Alexis Bonnell, Senior Business Executive and emerging technology evangelist for the Public Sector at Google Cloud, shares how government agencies can use artificial intelligence to optimize workflows and improve service delivery.

Transcript:

How can AI positively transform the way we work, especially in the public sector?
Over the past year and a half, we’ve seen a lot of different ways public servants are using AI to help them meet their mission and transform the constituent experience. AI can surface information insights more rapidly and at scale, and what’s really interesting is that it can help agencies translate, “gov speak” to “people speak.” AI can build that connective tissue between how people speak and how they actually live their lives and look for information, versus how government has organized it. Also, our public servants are burnt out. They’ve been doing heroes’ work over the last year and a half. Now, they’re harnessing AI to augment their workloads, whether it’s using these tools to process invoices, do research or surface information. AI is empowering public servants to spend their time where they have the most value.

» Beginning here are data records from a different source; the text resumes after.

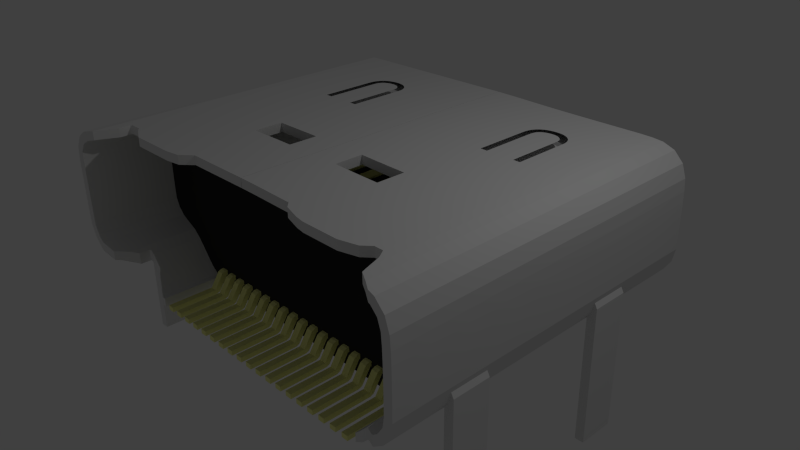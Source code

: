 # Source: HDMI_JACK.blend  (saved by Blender 2.76.0; exported with 4.5.12 LTS)
import bpy
from mathutils import Matrix  # noqa: F401  (used for matrix-valued properties, if any)

bpy.ops.wm.read_factory_settings(use_empty=True)
scene = bpy.context.scene
scene.name = 'Scene'

# ---- collections
col_collection_1 = bpy.data.collections.new('Collection 1'); scene.collection.children.link(col_collection_1)
col_collection_2 = bpy.data.collections.new('Collection 2'); scene.collection.children.link(col_collection_2)
col_collection_2.hide_render = True
col_collection_2.hide_viewport = True
col_collection_3 = bpy.data.collections.new('Collection 3'); scene.collection.children.link(col_collection_3)
col_collection_3.hide_render = True
col_collection_3.hide_viewport = True
col_collection_11 = bpy.data.collections.new('Collection 11'); scene.collection.children.link(col_collection_11)
col_collection_11.hide_render = True
col_collection_11.hide_viewport = True

# ---- materials (node trees are filled in below, after node groups)
mat_metal = bpy.data.materials.new('Metal')
mat_metal.alpha_threshold = 0.0
mat_metal.use_transparent_shadow = False
mat_metal.roughness = 0.5
mat_goldcontact = bpy.data.materials.new('goldcontact')
mat_goldcontact.alpha_threshold = 0.0
mat_goldcontact.use_transparent_shadow = False
mat_goldcontact.diffuse_color = (0.9131, 0.9131, 0.3419, 1.0)
mat_goldcontact.roughness = 0.5
mat_plastic = bpy.data.materials.new('Plastic')
mat_plastic.alpha_threshold = 0.0
mat_plastic.use_transparent_shadow = False
mat_plastic.diffuse_color = (0.0291, 0.0291, 0.0291, 1.0)
mat_plastic.specular_color = (0.07324, 0.07324, 0.07324)
mat_plastic.roughness = 0.5
mat_material = bpy.data.materials.new('Material')
mat_material.alpha_threshold = 0.0
mat_material.use_transparent_shadow = False
mat_material.diffuse_color = (0.8, 0.0, 0.2917, 1.0)
mat_material.roughness = 0.5

# ---- material node trees

# ---- world
world_world = bpy.data.worlds.new('World'); scene.world = world_world
world_world.color = (0.05088, 0.05088, 0.05088)
world_world.use_sun_shadow = False
world_world.sun_shadow_jitter_overblur = 0.0
world_world.cycles.sampling_method = 'MANUAL'
world_world.cycles.sample_map_resolution = 256

# ---- cameras
cam_viewpoint = bpy.data.cameras.new('Viewpoint')
cam_viewpoint.clip_end = 100.0
cam_viewpoint.lens = 34.98
cam_viewpoint.sensor_width = 32.0
cam_viewpoint.sensor_height = 18.0
cam_viewpoint.dof.focus_distance = 0.0
cam_viewpoint.dof.aperture_fstop = 128.0
cam_viewpoint.dof.aperture_blades = 6
cam_camera = bpy.data.cameras.new('Camera')
cam_camera.clip_end = 100.0
cam_camera.lens = 35.0
cam_camera.sensor_width = 32.0
cam_camera.sensor_height = 18.0
cam_camera.ortho_scale = 7.314
cam_camera.dof.focus_distance = 0.0
cam_camera.dof.aperture_fstop = 128.0

# ---- lights
light_lamp = bpy.data.lights.new('Lamp', 'POINT')
light_lamp.transmission_factor = 0.0
light_lamp.cutoff_distance = 30.0
light_lamp.energy = 100.0
light_lamp.shadow_buffer_clip_start = 1.001
light_lamp.shadow_soft_size = 0.1
light_lamp.shadow_maximum_resolution = 0.006
light_lamp.use_absolute_resolution = True
light_lamp.cycles.use_multiple_importance_sampling = False

# ---- meshes
me_cube_009 = bpy.data.meshes.new('Cube.009')
me_cube_009.from_pydata([(-1.0, -1.0, -1.461), (-1.0, -1.0, 0.6487), (-1.0, 1.0, -1.461), (-1.0, 1.0, 0.6487), (1.841, -1.0, -1.461), (1.841, -1.0, 0.4216), (1.841, 1.0, -1.461), (1.841, 1.0, 0.4216)], [], [(1, 3, 2, 0), (3, 7, 6, 2), (7, 5, 4, 6), (5, 1, 0, 4), (0, 2, 6, 4), (5, 7, 3, 1)])
me_cube_009.materials.append(mat_metal)
me_cube_009.use_remesh_preserve_volume = False
me_cube_009.use_remesh_preserve_attributes = False
me_cube_009.use_mirror_vertex_groups = False
me_cube_009.update()
me_shapeindexedfaceset = bpy.data.meshes.new('ShapeIndexedFaceSet')
me_shapeindexedfaceset.from_pydata([(0.0, 0.0, 0.0), (2.044, 2.051, -0.6674), (3.544, 4.357, 0.5431), (0.5444, 4.357, 0.5431), (0.1444, -0.6985, -0.3674), (0.1444, -2.518, -0.3674), (-0.6556, -2.518, -0.3674), (-0.6556, -0.6985, -0.3674), (0.1444, -2.518, -0.6674), (-0.6556, -2.518, -0.6674), (0.1444, -0.1485, 0.3326), (-0.6556, -0.1485, 0.3326), (-0.6556, -0.08223, 0.6326), (0.1444, -0.08223, 0.6326), (0.1444, -0.08223, 0.3326), (-0.6556, -0.08223, 0.3326), (0.1444, -0.6485, -0.6674), (0.1444, -0.5933, -0.578), (0.1444, -0.5114, -0.5746), (-0.6556, -0.6485, -0.6674), (-0.6556, -0.5933, -0.578), (-0.6556, -0.5114, -0.5746), (-0.6556, -0.1985, 0.6326), (-0.6556, -0.2538, 0.5431), (-0.6556, -0.3357, 0.5397), (0.1444, -0.1985, 0.6326), (0.1444, -0.2538, 0.5431), (0.1444, -0.3357, 0.5397)], [], [(4, 5, 8), (4, 8, 16), (4, 16, 17), (4, 7, 6, 5), (4, 17, 18), (4, 18, 10), (4, 10, 26), (4, 26, 27), (4, 27, 24, 7), (5, 6, 9, 8), (6, 7, 20), (6, 20, 19), (6, 19, 9), (7, 24, 23), (7, 23, 11), (7, 11, 21), (7, 21, 20), (8, 9, 19, 16), (10, 11, 15, 14), (10, 14, 13), (10, 13, 25), (10, 25, 26), (10, 18, 21, 11), (11, 23, 22), (11, 22, 12), (11, 12, 15), (12, 13, 14, 15), (12, 22, 25, 13), (16, 18, 17), (16, 19, 21, 18), (19, 20, 21), (22, 23, 24), (22, 24, 27, 25), (25, 27, 26)])
me_shapeindexedfaceset.materials.append(mat_goldcontact)
me_shapeindexedfaceset.use_remesh_preserve_volume = False
me_shapeindexedfaceset.use_remesh_preserve_attributes = False
me_shapeindexedfaceset.use_mirror_vertex_groups = False
me_shapeindexedfaceset.update()
me_cube_004 = bpy.data.meshes.new('Cube.004')
me_cube_004.from_pydata([(-1.0, -0.5603, -1.0), (-1.0, -0.5603, 1.0), (-1.0, 1.0, -1.0), (-1.0, 1.0, 1.0), (1.0, -0.5603, -1.0), (1.0, -0.5603, 1.0), (1.0, 1.0, -1.0), (1.0, 1.0, 1.0)], [], [(1, 3, 2, 0), (3, 7, 6, 2), (7, 5, 4, 6), (5, 1, 0, 4), (0, 2, 6, 4), (5, 7, 3, 1)])
me_cube_004.materials.append(mat_goldcontact)
me_cube_004.use_remesh_preserve_volume = False
me_cube_004.use_remesh_preserve_attributes = False
me_cube_004.use_mirror_vertex_groups = False
me_cube_004.update()
me_cube_003 = bpy.data.meshes.new('Cube.003')
me_cube_003.from_pydata([(-1.0, -0.5603, -1.0), (-1.0, -0.5603, 1.0), (-1.0, 1.0, -1.0), (-1.0, 1.0, 1.0), (1.0, -0.5603, -1.0), (1.0, -0.5603, 1.0), (1.0, 1.0, -1.0), (1.0, 1.0, 1.0)], [], [(1, 3, 2, 0), (3, 7, 6, 2), (7, 5, 4, 6), (5, 1, 0, 4), (0, 2, 6, 4), (5, 7, 3, 1)])
me_cube_003.materials.append(mat_goldcontact)
me_cube_003.use_remesh_preserve_volume = False
me_cube_003.use_remesh_preserve_attributes = False
me_cube_003.use_mirror_vertex_groups = False
me_cube_003.update()
me_cube_007 = bpy.data.meshes.new('Cube.007')
me_cube_007.from_pydata([(-1.0, -0.6618, -1.0), (-1.0, -0.6618, 1.0), (-1.0, 1.0, -1.0), (-1.0, 1.0, 1.0), (1.0, -0.6618, -1.0), (1.0, -0.6618, 1.0), (1.0, 1.0, -1.0), (1.0, 1.0, 1.0)], [], [(1, 3, 2, 0), (3, 7, 6, 2), (7, 5, 4, 6), (5, 1, 0, 4), (0, 2, 6, 4), (5, 7, 3, 1)])
me_cube_007.materials.append(mat_plastic)
me_cube_007.use_remesh_preserve_volume = False
me_cube_007.use_remesh_preserve_attributes = False
me_cube_007.use_mirror_vertex_groups = False
me_cube_007.update()
me_cube_001 = bpy.data.meshes.new('Cube.001')
me_cube_001.from_pydata([(-1.0, -1.0, -1.0), (-1.0, -1.0, 1.0), (-1.0, 1.0, -1.0), (-1.0, 1.0, 1.0), (1.0, -1.0, -1.0), (1.0, -1.0, 1.0), (1.0, 1.0, -1.0), (1.0, 1.0, 1.0), (-0.9802, 1.0, 1.0), (-0.9604, 1.0, 1.0), (-0.9406, 1.0, 1.0), (-0.9208, 1.0, 1.0), (-0.901, 1.0, 1.0), (-0.8812, 1.0, 1.0), (-0.8614, 1.0, 1.0), (-0.8416, 1.0, 1.0), (-0.8218, 1.0, 1.0), (-0.802, 1.0, 1.0), (-0.7822, 1.0, 1.0), (-0.7624, 1.0, 1.0), (-0.7426, 1.0, 1.0), (-0.7228, 1.0, 1.0), (-0.703, 1.0, 1.0), (-0.6832, 1.0, 1.0), (-0.6634, 1.0, 1.0), (-0.6436, 1.0, 1.0), (-0.6238, 1.0, 1.0), (-0.604, 1.0, 1.0), (-0.5842, 1.0, 1.0), (-0.5644, 1.0, 1.0), (-0.5446, 1.0, 1.0), (-0.5248, 1.0, 1.0), (-0.505, 1.0, 1.0), (-0.4851, 1.0, 1.0), (-0.4653, 1.0, 1.0), (-0.4455, 1.0, 1.0), (-0.4257, 1.0, 1.0), (-0.4059, 1.0, 1.0), (-0.3861, 1.0, 1.0), (-0.3663, 1.0, 1.0), (-0.3465, 1.0, 1.0), (-0.3267, 1.0, 1.0), (-0.3069, 1.0, 1.0), (-0.2871, 1.0, 1.0), (-0.2673, 1.0, 1.0), (-0.2475, 1.0, 1.0), (-0.2277, 1.0, 1.0), (-0.2079, 1.0, 1.0), (-0.1881, 1.0, 1.0), (-0.1683, 1.0, 1.0), (-0.1485, 1.0, 1.0), (-0.1287, 1.0, 1.0), (-0.1089, 1.0, 1.0), (-0.08911, 1.0, 1.0), (-0.06931, 1.0, 1.0), (-0.04951, 1.0, 1.0), (-0.0297, 1.0, 1.0), (-0.009901, 1.0, 1.0), (0.009901, 1.0, 1.0), (0.0297, 1.0, 1.0), (0.0495, 1.0, 1.0), (0.06931, 1.0, 1.0), (0.08911, 1.0, 1.0), (0.1089, 1.0, 1.0), (0.1287, 1.0, 1.0), (0.1485, 1.0, 1.0), (0.1683, 1.0, 1.0), (0.1881, 1.0, 1.0), (0.2079, 1.0, 1.0), (0.2277, 1.0, 1.0), (0.2475, 1.0, 1.0), (0.2673, 1.0, 1.0), (0.2871, 1.0, 1.0), (0.3069, 1.0, 1.0), (0.3267, 1.0, 1.0), (0.3465, 1.0, 1.0), (0.3663, 1.0, 1.0), (0.3861, 1.0, 1.0), (0.4059, 1.0, 1.0), (0.4257, 1.0, 1.0), (0.4455, 1.0, 1.0), (0.4653, 1.0, 1.0), (0.4851, 1.0, 1.0), (0.505, 1.0, 1.0), (0.5248, 1.0, 1.0), (0.5446, 1.0, 1.0), (0.5644, 1.0, 1.0), (0.5842, 1.0, 1.0), (0.604, 1.0, 1.0), (0.6238, 1.0, 1.0), (0.6436, 1.0, 1.0), (0.6634, 1.0, 1.0), (0.6832, 1.0, 1.0), (0.703, 1.0, 1.0), (0.7228, 1.0, 1.0), (0.7426, 1.0, 1.0), (0.7624, 1.0, 1.0), (0.7822, 1.0, 1.0), (0.802, 1.0, 1.0), (0.8218, 1.0, 1.0), (0.8416, 1.0, 1.0), (0.8614, 1.0, 1.0), (0.8812, 1.0, 1.0), (0.901, 1.0, 1.0), (0.9208, 1.0, 1.0), (0.9406, 1.0, 1.0), (0.9604, 1.0, 1.0), (0.9802, 1.0, 1.0), (0.9802, 1.0, -1.0), (0.9604, 1.0, -1.0), (0.9406, 1.0, -1.0), (0.9208, 1.0, -1.0), (0.901, 1.0, -1.0), (0.8812, 1.0, -1.0), (0.8614, 1.0, -1.0), (0.8416, 1.0, -1.0), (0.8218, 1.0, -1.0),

How can AI work together with the cloud to drive digital government?
The pandemic taught us the importance of having information agility, or access to relevant data to make decisions. The cloud maximizes information flow. Once you empower that information flow, then tools like AI can really complement it. In hybrid workplaces, for example, we can transform that information flow into productivity tools, such as Google Workspace. During the pandemic, many public servants used low-code or no-code tools to move information from their email or document storage into more active interaction. AI and the cloud together also can be used for sentiment analysis to really hear from your customers. AI is really about optimizing your information flow and optimizing your decision structures — and it’s not something you have to start from scratch. You can connect an API from an existing system to feed information into another system or reuse something someone else has created to get you there faster.

What are some of the primary AI use cases for government?
Document AI, which digitizes a range of government forms, is one great example. This type of automation can really benefit departments like finance and procurement. Research is another area. You can create environments where you can more easily share data, add AI through natural language processing and then query information. Virtual career centers, fraud detection and supporting unemployment assistance through call center AI are other examples. There’s no shortage of wonderful ways AI has already been applied.

What are some cost-effective and simple ways governments can integrate AI into what they do?
With AI, sometimes there’s a perception that it’s going to be more expensive or take much longer than it actually does. A lot of public servants might be further along with the use of AI than they think. An incremental approach can be effective. Using information from FAQs for chatbot applications is a wonderful starting place for AI. Leveraging AI in this way — what we refer to as call center AI — can free up staff time so they can focus on something more complex. At the same time, agencies also need to navigate their risks and be intentional about the fact that there will be trade-offs. They should be prepared to take little steps instead of big, risky steps.

How can agencies ensure the technology investments they make today serve them well in the future?
It’s important to understand that we’re all in the information business — it’s not just Google that needs to be a data-first organization. You need to discover the vibrant information that matters to your organization and understand how you can collect it, surface it, store it and make it as agile as possible. Go into a technology moment with the intent that you’re building something that will change with you. You need something that can change with your mission, change with the next policy, the next law, or the next set of resources. The importance of building for change and adaptation is what many of us learned from the last year. We now know the only constant is change.